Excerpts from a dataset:

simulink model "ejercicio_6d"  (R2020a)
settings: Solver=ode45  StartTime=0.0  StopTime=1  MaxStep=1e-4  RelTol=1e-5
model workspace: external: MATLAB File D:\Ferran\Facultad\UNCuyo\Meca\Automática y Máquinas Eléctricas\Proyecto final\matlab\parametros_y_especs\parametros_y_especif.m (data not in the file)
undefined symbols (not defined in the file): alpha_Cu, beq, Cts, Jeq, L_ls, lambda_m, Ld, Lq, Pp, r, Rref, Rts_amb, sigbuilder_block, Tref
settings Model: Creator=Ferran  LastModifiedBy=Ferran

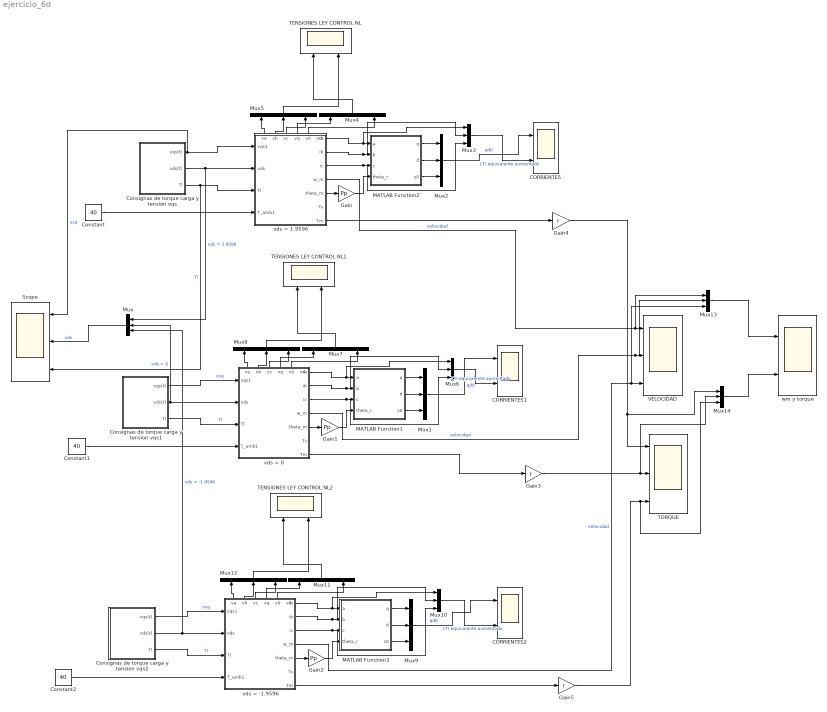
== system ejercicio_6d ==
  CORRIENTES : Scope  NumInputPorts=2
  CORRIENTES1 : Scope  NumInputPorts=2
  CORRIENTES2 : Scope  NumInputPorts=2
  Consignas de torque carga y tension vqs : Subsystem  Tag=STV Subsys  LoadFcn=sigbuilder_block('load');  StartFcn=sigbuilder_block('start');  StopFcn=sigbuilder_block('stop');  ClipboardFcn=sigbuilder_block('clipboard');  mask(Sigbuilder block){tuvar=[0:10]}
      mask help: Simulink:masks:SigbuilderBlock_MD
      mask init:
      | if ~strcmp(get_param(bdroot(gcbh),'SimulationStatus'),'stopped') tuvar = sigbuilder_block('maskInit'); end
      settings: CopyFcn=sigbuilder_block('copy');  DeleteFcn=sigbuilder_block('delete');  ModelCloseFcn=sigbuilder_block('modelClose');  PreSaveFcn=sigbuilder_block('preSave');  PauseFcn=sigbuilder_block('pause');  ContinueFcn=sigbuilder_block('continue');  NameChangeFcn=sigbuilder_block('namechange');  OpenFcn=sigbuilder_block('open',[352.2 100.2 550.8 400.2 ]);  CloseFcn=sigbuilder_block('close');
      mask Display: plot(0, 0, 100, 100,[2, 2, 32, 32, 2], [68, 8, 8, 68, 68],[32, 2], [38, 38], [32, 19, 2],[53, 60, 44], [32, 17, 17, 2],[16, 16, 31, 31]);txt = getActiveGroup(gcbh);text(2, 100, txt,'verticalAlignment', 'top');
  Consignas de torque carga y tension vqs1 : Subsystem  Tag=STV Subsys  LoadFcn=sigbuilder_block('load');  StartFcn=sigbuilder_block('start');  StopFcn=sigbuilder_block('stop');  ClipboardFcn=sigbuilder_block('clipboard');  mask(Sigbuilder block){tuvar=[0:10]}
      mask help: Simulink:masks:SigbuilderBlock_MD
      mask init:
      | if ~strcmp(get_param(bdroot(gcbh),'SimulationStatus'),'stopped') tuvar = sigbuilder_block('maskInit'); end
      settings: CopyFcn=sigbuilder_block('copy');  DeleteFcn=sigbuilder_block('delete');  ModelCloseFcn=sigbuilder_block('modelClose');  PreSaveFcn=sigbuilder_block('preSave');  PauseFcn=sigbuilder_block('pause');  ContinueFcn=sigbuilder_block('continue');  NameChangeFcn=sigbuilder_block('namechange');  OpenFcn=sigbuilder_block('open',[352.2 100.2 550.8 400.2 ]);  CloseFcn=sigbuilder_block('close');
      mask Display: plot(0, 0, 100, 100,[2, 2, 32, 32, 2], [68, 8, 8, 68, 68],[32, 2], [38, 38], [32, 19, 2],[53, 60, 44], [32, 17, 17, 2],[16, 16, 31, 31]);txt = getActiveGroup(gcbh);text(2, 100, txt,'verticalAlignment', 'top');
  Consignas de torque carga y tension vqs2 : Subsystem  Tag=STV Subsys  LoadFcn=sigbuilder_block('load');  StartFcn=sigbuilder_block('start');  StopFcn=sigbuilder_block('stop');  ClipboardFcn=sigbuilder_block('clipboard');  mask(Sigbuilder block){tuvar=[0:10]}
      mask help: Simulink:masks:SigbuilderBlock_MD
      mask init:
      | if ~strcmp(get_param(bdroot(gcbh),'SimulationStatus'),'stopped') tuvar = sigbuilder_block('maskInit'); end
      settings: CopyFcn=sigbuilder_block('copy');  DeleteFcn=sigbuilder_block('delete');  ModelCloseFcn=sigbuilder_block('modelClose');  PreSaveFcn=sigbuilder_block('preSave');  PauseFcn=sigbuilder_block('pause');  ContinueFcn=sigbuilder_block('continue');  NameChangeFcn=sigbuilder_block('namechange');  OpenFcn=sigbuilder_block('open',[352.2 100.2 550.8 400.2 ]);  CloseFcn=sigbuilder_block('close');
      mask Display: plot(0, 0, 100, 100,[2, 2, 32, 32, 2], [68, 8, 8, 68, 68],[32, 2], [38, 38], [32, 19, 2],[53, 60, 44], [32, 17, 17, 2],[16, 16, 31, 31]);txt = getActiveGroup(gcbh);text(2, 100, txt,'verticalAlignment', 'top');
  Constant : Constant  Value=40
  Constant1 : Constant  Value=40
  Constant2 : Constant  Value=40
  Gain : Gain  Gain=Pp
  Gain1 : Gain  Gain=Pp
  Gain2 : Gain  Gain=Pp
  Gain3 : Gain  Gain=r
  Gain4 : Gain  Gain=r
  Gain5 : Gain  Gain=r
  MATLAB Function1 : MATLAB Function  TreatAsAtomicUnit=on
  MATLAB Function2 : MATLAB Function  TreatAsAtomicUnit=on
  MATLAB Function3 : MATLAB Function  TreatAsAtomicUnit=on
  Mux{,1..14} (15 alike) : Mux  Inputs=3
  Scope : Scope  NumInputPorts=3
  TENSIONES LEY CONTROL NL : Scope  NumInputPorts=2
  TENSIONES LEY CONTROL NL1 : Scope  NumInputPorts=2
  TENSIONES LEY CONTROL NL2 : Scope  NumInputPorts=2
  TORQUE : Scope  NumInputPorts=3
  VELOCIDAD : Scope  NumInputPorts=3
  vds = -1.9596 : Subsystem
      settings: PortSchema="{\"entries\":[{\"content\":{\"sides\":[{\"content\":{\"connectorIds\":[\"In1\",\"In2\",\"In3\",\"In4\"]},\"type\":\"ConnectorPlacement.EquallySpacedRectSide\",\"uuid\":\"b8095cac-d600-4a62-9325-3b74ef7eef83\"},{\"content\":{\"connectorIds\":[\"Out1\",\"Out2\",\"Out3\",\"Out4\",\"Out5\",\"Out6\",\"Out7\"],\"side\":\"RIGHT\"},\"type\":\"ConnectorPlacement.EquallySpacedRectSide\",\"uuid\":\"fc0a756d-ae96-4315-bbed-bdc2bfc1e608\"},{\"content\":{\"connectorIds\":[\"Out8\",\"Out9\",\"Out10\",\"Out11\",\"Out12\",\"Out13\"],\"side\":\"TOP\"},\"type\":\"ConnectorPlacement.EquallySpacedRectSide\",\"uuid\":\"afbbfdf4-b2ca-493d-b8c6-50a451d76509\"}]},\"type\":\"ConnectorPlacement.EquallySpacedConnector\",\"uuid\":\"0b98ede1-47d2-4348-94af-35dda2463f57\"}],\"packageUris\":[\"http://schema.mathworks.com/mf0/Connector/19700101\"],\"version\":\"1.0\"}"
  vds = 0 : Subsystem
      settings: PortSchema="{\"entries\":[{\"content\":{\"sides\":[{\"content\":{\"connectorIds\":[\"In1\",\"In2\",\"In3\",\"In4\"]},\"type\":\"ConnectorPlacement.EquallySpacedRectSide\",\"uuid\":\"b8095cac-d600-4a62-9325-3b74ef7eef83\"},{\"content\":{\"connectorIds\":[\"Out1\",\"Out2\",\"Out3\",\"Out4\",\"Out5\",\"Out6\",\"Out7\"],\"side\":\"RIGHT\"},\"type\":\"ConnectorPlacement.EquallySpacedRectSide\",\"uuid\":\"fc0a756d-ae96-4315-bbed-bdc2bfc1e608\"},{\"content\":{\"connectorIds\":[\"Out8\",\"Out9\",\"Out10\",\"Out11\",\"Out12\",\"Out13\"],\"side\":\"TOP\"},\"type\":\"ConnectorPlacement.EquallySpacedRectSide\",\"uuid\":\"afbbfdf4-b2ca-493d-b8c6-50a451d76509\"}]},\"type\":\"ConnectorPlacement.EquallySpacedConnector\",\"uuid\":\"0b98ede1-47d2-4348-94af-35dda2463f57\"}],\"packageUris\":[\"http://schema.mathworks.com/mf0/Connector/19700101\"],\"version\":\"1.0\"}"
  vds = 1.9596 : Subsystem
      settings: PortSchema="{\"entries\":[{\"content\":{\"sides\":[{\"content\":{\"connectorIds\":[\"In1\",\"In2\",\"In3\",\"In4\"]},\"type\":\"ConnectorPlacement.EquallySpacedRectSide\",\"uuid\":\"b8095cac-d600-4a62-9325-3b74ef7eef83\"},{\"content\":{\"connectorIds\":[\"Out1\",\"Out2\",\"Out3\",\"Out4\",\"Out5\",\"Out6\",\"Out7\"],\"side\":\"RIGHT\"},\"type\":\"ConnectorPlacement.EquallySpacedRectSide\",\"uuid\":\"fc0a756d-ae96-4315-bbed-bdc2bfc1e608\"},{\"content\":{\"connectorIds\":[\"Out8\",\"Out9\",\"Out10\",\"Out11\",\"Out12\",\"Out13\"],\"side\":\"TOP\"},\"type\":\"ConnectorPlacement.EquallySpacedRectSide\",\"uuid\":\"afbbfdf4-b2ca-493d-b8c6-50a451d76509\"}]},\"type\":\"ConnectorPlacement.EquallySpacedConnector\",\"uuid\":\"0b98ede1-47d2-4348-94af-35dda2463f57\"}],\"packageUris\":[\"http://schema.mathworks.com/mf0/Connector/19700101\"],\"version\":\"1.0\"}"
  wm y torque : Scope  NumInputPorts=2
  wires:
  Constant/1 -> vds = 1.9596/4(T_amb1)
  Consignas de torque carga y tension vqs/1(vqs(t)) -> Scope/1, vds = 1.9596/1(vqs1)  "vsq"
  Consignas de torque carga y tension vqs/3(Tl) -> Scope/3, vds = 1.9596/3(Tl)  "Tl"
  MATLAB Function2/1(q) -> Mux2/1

• WHAT IS REQUIRED: Whenever the word "Gain" shows up in a line of the entries, list that line.

• SOLUTION TO THE EXERCISE:
  Gain : Gain  Gain=Pp
  Gain1 : Gain  Gain=Pp
  Gain2 : Gain  Gain=Pp
  Gain3 : Gain  Gain=r
  Gain4 : Gain  Gain=r
  Gain5 : Gain  Gain=r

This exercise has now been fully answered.